The historic organizing drive among faculty at the University of Minnesota’s Twin Cities campus cleared a major hurdle today, when a state agency ruled contingent and tenure-track faculty could join together in one potential bargaining unit.
The Minnesota Bureau of Mediation Services’ decision clears the way for about 1,000 contingent and 1,500 tenure-track faculty members to vote in an organizing election as soon as this fall. If successful, the vote would create one of the largest single-campus faculty unions in the U.S.
“As the university’s administration has increased the number and ratio of non-tenure-line positions, the fates of all faculty are increasingly intertwined,” Irene Duranczyk, an associate professor in the College of Education and Human Development, said. “We believe that the precarious working conditions under which contingent faculty labor are not only bad for them but also bad for students and bad for us, the remaining tenure-line faculty.”

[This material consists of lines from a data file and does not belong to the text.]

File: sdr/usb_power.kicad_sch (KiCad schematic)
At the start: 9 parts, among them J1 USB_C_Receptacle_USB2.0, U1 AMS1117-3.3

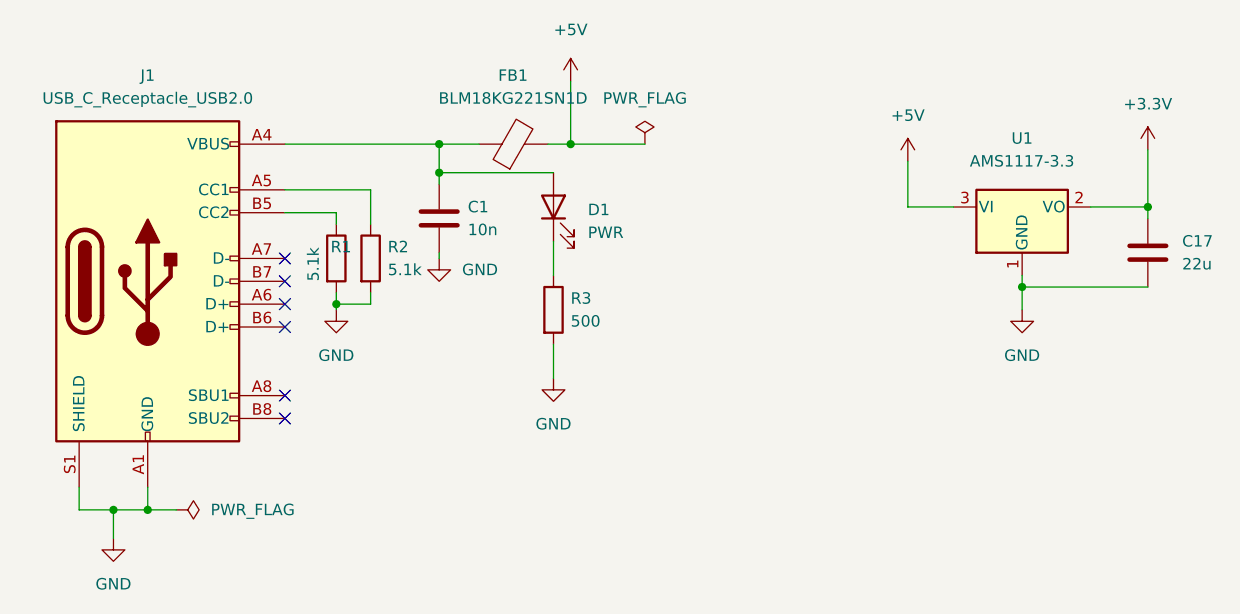
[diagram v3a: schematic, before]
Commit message: Tighten up design layout.
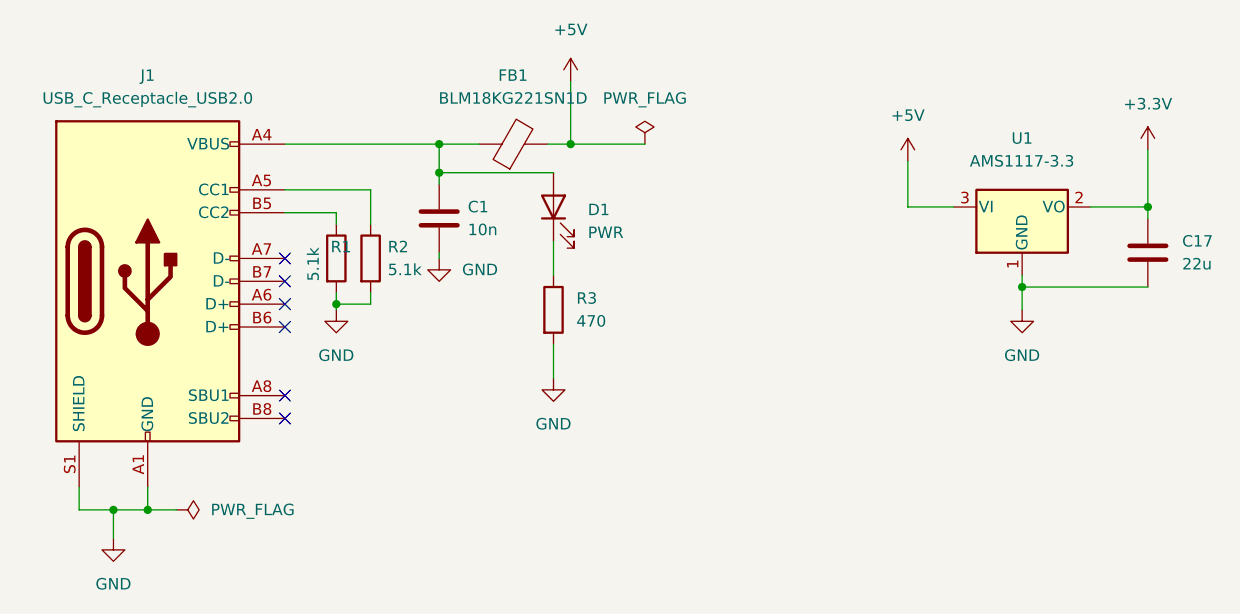
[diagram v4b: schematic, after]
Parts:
- C1: footprint Capacitor_SMD:C_0603_1608Metric -> Capacitor_SMD:C_0402_1005Metric
- R3: value 500 -> 470
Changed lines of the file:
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@@
   (symbol (lib_id "Device:R") (at 168.91 90.17 0) (unit 1)
     (in_bom yes) (on_board yes) (fields_autoplaced)
-    (property "Reference" "R3" (id 0) (at 170.815 88.8999 0)
-      (effects (font (size 1.27 1.27)) (justify left))
-    )
-    (property "Value" "500" (id 1) (at 170.815 91.4399 0)
+    (property "Reference" "R3" (id 0) (at 171.45 88.8999 0)
+      (effects (font (size 1.27 1.27)) (justify left))
+    )
+    (property "Value" "470" (id 1) (at 171.45 91.4399 0)
       (effects (font (size 1.27 1.27)) (justify left))
     )
@@
       (effects (font (size 1.27 1.27)) (justify left))
     )
-    (property "Footprint" "Capacitor_SMD:C_0603_1608Metric" (id 2) (at 157.1752 83.82 0)
-      (effects (font (size 1.27 1.27)) hide)
-    )
+    (property "Footprint" "Capacitor_SMD:C_0402_1005Metric" (id 2) (at 157.1752 83.82 0)
+      (effects (font (size 1.27 1.27)) hide)
+    )

How soon Duranczyk and other U of M faculty get to vote depends on whether the school appeals the BMS ruling.
An appeal seems likely, as university administrators have made every attempt to derail the union-organizing election since faculty filed for representation in January – efforts that have focused mostly on dividing tenure and contingent faculty.
Last week the nonpartisan Minnesota Public Interest Research Group revealed documents obtained from the U of M showing over $500,000 of spending on outside legal counsel between January and June for services related to the organizing drive.
Even more egregious, faculty members, students and state lawmakers said, are annotations indicating the payments came out of funds the university collected from tuition-paying students and the Minnesota Legislature.
“I’m sure no one in the legislature – Democrat or Republican – intended for … taxpayer dollars we appropriated to the University of Minnesota’s general fund to be used for attorney’s fees fighting the University’s own employees in exercising their right to form a union,” Rep. Jim Davnie said.
U of M sophomore Jada Brown pointed out that Minnesotans, on average, have the 5th-highest student debt in the country, urging administrators “to spend money on our education, not on fighting the people who teach us every day.”
Paying high-priced attorneys to run out the clock on an organizing drive is a move straight out of the corporate anti-union playbook and, lecturer Jason Stahl said, yet another reason for faculty to seek a more powerful voice in university governance.
“We are building this union together to strengthen the voice of faculty on our campus for ourselves and our students,” Stahl said. “And we are confident that we will win our vote.”